On 24 March 2014, most Gold AM frequencies in England were turned over to Smooth Radio, following Global Radio's acquisition of Real and Smooth Ltd. The Gold stations in England which changed over simply swapped out Gold network programming for that of the London Smooth service, retaining local news and advertising opt-outs, whilst the regional Smooth FM stations regained local breakfast and drivetime shows.

In Wales, a four-hour local show was retained: initially this continued in the former Gold timeslot of midday to 4pm, opting out of the final hour of the Kate Garraway morning show and the entire networked afternoon show, however as of August 3, 2015 the show had opted out the final hour of Paul Phear's afternoon show and the entire drivetime show; at this point the FM stations in the Smooth network were carrying local shows at drivetime. In preparation for the introduction of a networked Smooth drive show with Angie Greaves in 2019, the Smooth Wales programme reverted to its former noon timeslot. Networked content from Smooth's London service is carried at other times, including breakfast and weekends.

==Frequencies==
- DAB - South East Wales and North West Wales

Although available on digital radio in the area, Smooth Wales is not currently carried on DAB in Northeast Wales/West Cheshire. The service on 1260 kHz closed at 1:00PM on Friday 28th February 2025. The DAB service to south-east Wales was turned over from Gold to Smooth at the same time as the AM service was, and DAB transmissions to northwest Wales began when the new local DAB multiplex was switched on in December 2014.

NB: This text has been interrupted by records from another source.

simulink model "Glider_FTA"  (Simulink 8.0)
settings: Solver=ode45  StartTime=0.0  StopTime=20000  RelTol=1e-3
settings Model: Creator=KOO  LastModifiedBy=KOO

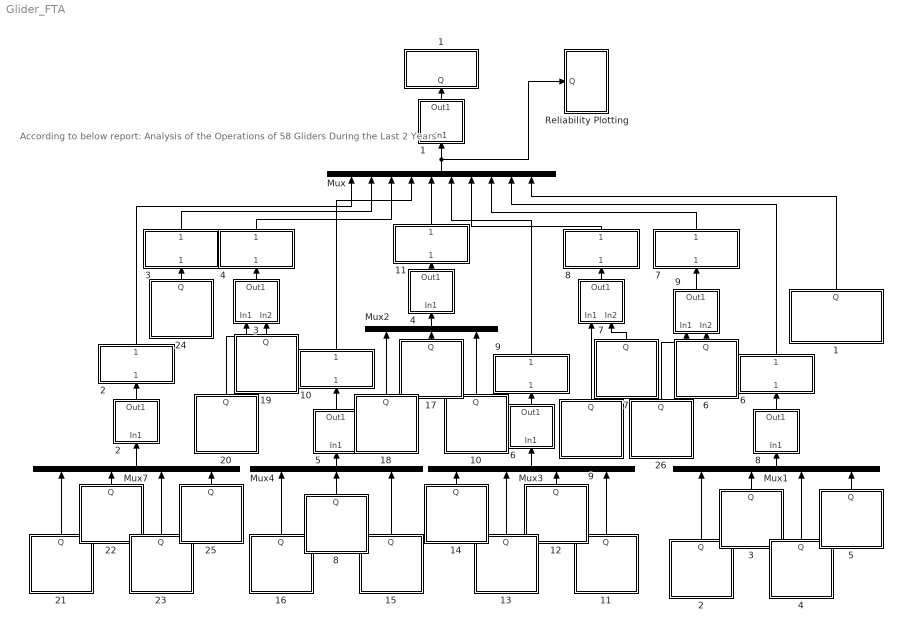
== system Glider_FTA ==
  note: According to below report:
      | Analysis of the Operations of 58 Gliders During the Last 2 Years
  "   1" : Subsystem
      mask Display:
      | % Use engine icon for subsystem
      | image(imread('OR.jpg'))
      | % Basic Event Name
      | fprintf('OR')
  "   2" : Subsystem
      mask Display:
      | % Use engine icon for subsystem
      | image(imread('OR.jpg'))
      | % Basic Event Name
      | fprintf('OR')
  "   3" : Subsystem
      mask Display:
      | % Use engine icon for subsystem
      | image(imread('OR.jpg'))
      | % Basic Event Name
      | fprintf('OR')
  "   4" : Subsystem
      mask Display:
      | % Use engine icon for subsystem
      | image(imread('OR.jpg'))
      | % Basic Event Name
      | fprintf('OR')
  "   5" : Subsystem
      mask Display:
      | % Use engine icon for subsystem
      | image(imread('OR.jpg'))
      | % Basic Event Name
      | fprintf('OR')
  "   6" : Subsystem
      mask Display:
      | % Use engine icon for subsystem
      | image(imread('OR.jpg'))
      | % Basic Event Name
      | fprintf('OR')
  "   7" : Subsystem
      mask Display:
      | % Use engine icon for subsystem
      | image(imread('OR.jpg'))
      | % Basic Event Name
      | fprintf('OR')
  "   8" : Subsystem
      mask Display:
      | % Use engine icon for subsystem
      | image(imread('OR.jpg'))
      | % Basic Event Name
      | fprintf('OR')
  "   9" : Subsystem
      mask Display:
      | % Use engine icon for subsystem
      | image(imread('OR.jpg'))
      | % Basic Event Name
      | fprintf('OR')
  "           1" : Subsystem
      mask Display:
      | % Use engine icon for subsystem
      | image(imread('TOP.jpg'))
      | % Basic Event Name
      | fprintf('TOP')
  "           10" : Subsystem
      mask Display:
      | % Use engine icon for subsystem
      | image(imread('TOP.jpg'))
      | % Basic Event Name
      | fprintf('Environment\nDetection')
  "           11" : Subsystem
      mask Display:
      | % Use engine icon for subsystem
      | image(imread('TOP.jpg'))
      | % Basic Event Name
      | fprintf('Collision')
  "           2" : Subsystem
      mask Display:
      | % Use engine icon for subsystem
      | image(imread('TOP.jpg'))
      | % Basic Event Name
      | fprintf('Power')
  "           3" : Subsystem
      mask Display:
      | % Use engine icon for subsystem
      | image(imread('TOP.jpg'))
      | % Basic Event Name
      | fprintf('Leak')
  "           4" : Subsystem
      mask Display:
      | % Use engine icon for subsystem
      | image(imread('TOP.jpg'))
      | % Basic Event Name
      | fprintf('Diving')
  "           6" : Subsystem
      mask Display:
      | % Use engine icon for subsystem
      | image(imread('TOP.jpg'))
      | % Basic Event Name
      | fprintf('Navigation')
  "           7" : Subsystem
      mask Display:
      | % Use engine icon for subsystem
      | image(imread('TOP.jpg'))
      | % Basic Event Name
      | fprintf('Communication')
  "           8" : Subsystem
      mask Display:
      | % Use engine icon for subsystem
      | image(imread('TOP.jpg'))
      | % Basic Event Name
      | fprintf('Propultion')
  "           9" : Subsystem
      mask Display:
      | % Use engine icon for subsystem
      | image(imread('TOP.jpg'))
      | % Basic Event Name
      | fprintf('Computer')
  " 1" : Subsystem
      mask Display:
      | % Use engine icon for subsystem
      | image(imread('Tr.jpg'))
      | % Basic Event Name
      | fprintf('\nX25:\nUnknown')
  " 10" : Subsystem
      mask Display:
      | % Use engine icon for subsystem
      | image(imread('Basic.jpg'))
      | % Basic Event Name
      | fprintf('X17:\nGlider\nRecovered')
  " 11" : Subsystem
      mask Display:
      | % Use engine icon for subsystem
      | image(imread('Basic.jpg'))
      | % Basic Event Name
      | fprintf('X16:\nOnBoard\nSoftware')
  " 12" : Subsystem
      mask Display:
      | % Use engine icon for subsystem
      | image(imread('Basic.jpg'))
      | % Basic Event Name
      | fprintf('X15:\nCMD\nControl')
  " 13" : Subsystem
      mask Display:
      | % Use engine icon for subsystem
      | image(imread('Basic.jpg'))
      | % Basic Event Name
      | fprintf('X14:\nAttitude\nControl')
  " 14" : Subsystem
      mask Display:
      | % Use engine icon for subsystem
      | image(imread('Basic.jpg'))
      | % Basic Event Name
      | fprintf('X13:\nData\nLogging')
  " 15" : Subsystem
      mask Display:
      | % Use engine icon for subsystem
      | image(imread('Basic.jpg'))
      | % Basic Event Name
      | fprintf('X12:\nIridium\nComms')
  " 16" : Subsystem
      mask Display:
      | % Use engine icon for subsystem
      | image(imread('Basic.jpg'))
      | % Basic Event Name
      | fprintf('X10:\nScience\nSensor')
  " 17" : Subsystem
      mask Display:
      | % Use engine icon for subsystem
      | image(imread('Basic.jpg'))
      | % Basic Event Name
      | fprintf('X9:\nCollision\nSeabed')
  " 18" : Subsystem
      mask Display:
      | % Use engine icon for subsystem
      | image(imread('Basic.jpg'))
      | % Basic Event Name
      | fprintf('X8:\nCollision\nVessel')
  " 19" : Subsystem
      mask Display:
      | % Use engine icon for subsystem
      | image(imread('Basic.jpg'))
      | % Basic Event Name
      | fprintf('X7:\nAir Bladder\nLeak')
  " 2" : Subsystem
      mask Display:
      | % Use engine icon for subsystem
      | image(imread('Basic.jpg'))
      | % Basic Event Name
      | fprintf('X21\nGPS Host')
  " 20" : Subsystem
      mask Display:
      | % Use engine icon for subsystem
      | image(imread('Basic.jpg'))
      | % Basic Event Name
      | fprintf('X6:\nBuoyancy\nPump')
  " 21" : Subsystem
      mask Display:
      | % Use engine icon for subsystem
      | image(imread('Basic.jpg'))
      | % Basic Event Name
      | fprintf('X5:\nBattery\nDetection')
  " 22" : Subsystem
      mask Display:
      | % Use engine icon for subsystem
      | image(imread('Basic.jpg'))
      | % Basic Event Name
      | fprintf('X4:\nBattery')
  " 23" : Subsystem
      mask Display:
      | % Use engine icon for subsystem
      | image(imread('Basic.jpg'))
      | % Basic Event Name
      | fprintf('X3:\nVoltage\nDetection')
  " 24" : Subsystem
      mask Display:
      | % Use engine icon for subsystem
      | image(imread('Basic.jpg'))
      | % Basic Event Name
      | fprintf('X2:\nLeak\nDetection')
  " 25" : Subsystem
      mask Display:
      | % Use engine icon for subsystem
      | image(imread('Basic.jpg'))
      | % Basic Event Name
      | fprintf('X1:\nCurrent\nMonitoring')
  " 26" : Subsystem
      mask Display:
      | % Use engine icon for subsystem
      | image(imread('Basic.jpg'))
      | % Basic Event Name
      | fprintf('X12:\nIridium\nComm')
  " 3" : Subsystem
      mask Display:
      | % Use engine icon for subsystem
      | image(imread('Basic.jpg'))
      | % Basic Event Name
      | fprintf('X22:\nBAD GPS')
  " 4" : Subsystem
      mask Display:
      | % Use engine icon for subsystem
      | image(imread('Basic.jpg'))
      | % Basic Event Name
      | fprintf('X23:\nDigifin')
  " 5" : Subsystem
      mask Display:
      | % Use engine icon for subsystem
      | image(imread('Basic.jpg'))
      | % Basic Event Name
      | fprintf('X24:\nRoll Motor')
  " 6" : Subsystem
      mask Display:
      | % Use engine icon for subsystem
      | image(imread('Basic.jpg'))
      | % Basic Event Name
      | fprintf('X20:\nArgos')
  " 7" : Subsystem
      mask Display:
      | % Use engine icon for subsystem
      | image(imread('Basic.jpg'))
      | % Basic Event Name
      | fprintf('X19:\nFin Lock')
  " 8" : Subsystem
      mask Display:
      | % Use engine icon for subsystem
      | image(imread('Basic.jpg'))
      | % Basic Event Name
      | fprintf('X11:\nCTD')
  " 9" : Subsystem
      mask Display:
      | % Use engine icon for subsystem
      | image(imread('Basic.jpg'))
      | % Basic Event Name
      | fprintf('X18:\nRudder\nBroken')
  Mux : Mux  Inputs=10
  Mux1 : Mux
  Mux2 : Mux  Inputs=3
  Mux3 : Mux
  Mux4 : Mux  Inputs=3
  Mux7 : Mux
  Reliability Plotting : Subsystem
  wires:
  "   1"/1(Out1) -> "           1"/1(Q)
  Mux/1 -> "   1"/1(In1), Reliability Plotting/1(Q)
  " 5"/1(Q) -> Mux1/4
  " 4"/1(Q) -> Mux1/3
  " 3"/1(Q) -> Mux1/2
  " 2"/1(Q) -> Mux1/1
  " 7"/1(Q) -> "   7"/2(In2)
  " 9"/1(Q) -> "   7"/1(In1)
  "   7"/1(Out1) -> "           8"/1("  ")
  " 10"/1(Q) -> Mux2/3
  " 11"/1(Q) -> Mux3/4
  " 12"/1(Q) -> Mux3/3
  " 13"/1(Q) -> Mux3/2
  " 14"/1(Q) -> Mux3/1
  " 15"/1(Q) -> Mux4/3
  " 8"/1(Q) -> Mux4/2
  " 16"/1(Q) -> Mux4/1
  "   4"/1(Out1) -> "           11"/1("  ")
  " 17"/1(Q) -> Mux2/2
  "   3"/1(Out1) -> "           4"/1("  ")
  " 19"/1(Q) -> "   3"/2(In2)
  " 20"/1(Q) -> "   3"/1(In1)
  " 24"/1(Q) -> "           3"/1("  ")
  " 25"/1(Q) -> Mux7/4
  " 21"/1(Q) -> Mux7/1
  " 22"/1(Q) -> Mux7/2
  " 23"/1(Q) -> Mux7/3
  " 1"/1(Q) -> Mux/10
  "           6"/1("   ") -> Mux/9
  "           7"/1("   ") -> Mux/8
  "           8"/1("   ") -> Mux/7
  "           9"/1("   ") -> Mux/6
  "           4"/1("   ") -> Mux/3
  "           3"/1("   ") -> Mux/2
  "           2"/1("   ") -> Mux/1
  Mux7/1 -> "   2"/1(In1)
  "   2"/1(Out1) -> "           2"/1("  ")
  " 18"/1(Q) -> Mux2/1
  Mux4/1 -> "   5"/1(In1)
  "   5"/1(Out1) -> "           10"/1("  ")
  Mux3/1 -> "   6"/1(In1)
  "   6"/1(Out1) -> "           9"/1("  ")
  Mux1/1 -> "   8"/1(In1)
  "   8"/1(Out1) -> "           6"/1("  ")
  "           11"/1("   ") -> Mux/5
  "           10"/1("   ") -> Mux/4
  Mux2/1 -> "   4"/1(In1)
  "   9"/1(Out1) -> "           7"/1("  ")
  " 6"/1(Q) -> "   9"/2(In2)
  " 26"/1(Q) -> "   9"/1(In1)

== system Glider_FTA/   1 ==
  In1 : Inport
  Demux : Demux  Outputs=10
  MATLAB Function : MATLAB Function  TreatAsAtomicUnit=on
  Out1 : Outport
  wires:
  Demux/2 -> MATLAB Function/2(u2)
  MATLAB Function/1(y) -> Out1/1
  In1/1 -> Demux/1
  Demux/1 -> MATLAB Function/1(u1)
  Demux/3 -> MATLAB Function/3(u3)
  Demux/4 -> MATLAB Function/4(u4)
  Demux/5 -> MATLAB Function/5(u5)
  Demux/6 -> MATLAB Function/6(u6)
  Demux/7 -> MATLAB Function/7(u7)
  Demux/8 -> MATLAB Function/8(u8)
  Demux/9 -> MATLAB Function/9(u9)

Smooth Wales formerly broadcast on AM, transmitting on:
- 1260 kHz AM - North Wales and Cheshire
- 1305 kHz AM - Gwent and Newport
- 1359 kHz AM - Cardiff
Smooth Wales ceased broadcasting on AM in Wales over four years and four months, beginning with the South Wales medium wave service - the heritage AM sibling of the FM service now broadcast as Capital South Wales - which was switched off in October 2020, with the broadcast licence turned in to Ofcom, due to the redevelopment of one of the transmitter sites. Smooth Wales remains available in the area via DAB.

The station finally ceased broadcasting on AM in Wales with the North Wales medium wave service - the legacy heritage AM sibling of the FM service now broadcast as Capital North West and North Wales and the last remaining AM transmitter from Global Radio - being switched off at 1:00PM on Friday 28th February 2025, when as soon as it cut to static, the frequency picked up medium wave transmission from Leicester's Sabras Radio from the MW transmitter site at Freemen's Common.

==Programming==
National programming for Wales is produced and broadcast from Global's Cardiff Bay studios from 12-4pm on weekdays. All networked programming originates from Global's London headquarters, including The Smooth Drive Home with Angie Greaves.

===News===
Global's Newsroom broadcasts hourly national news bulletins for Wales from 6 am – 7 pm on weekdays and 6 am – noon at weekends. The Cardiff Bay newsroom also produces bulletins for Heart and Capital's stations in north and south Wales.

National news updates air hourly from Global's London headquarters at all other times.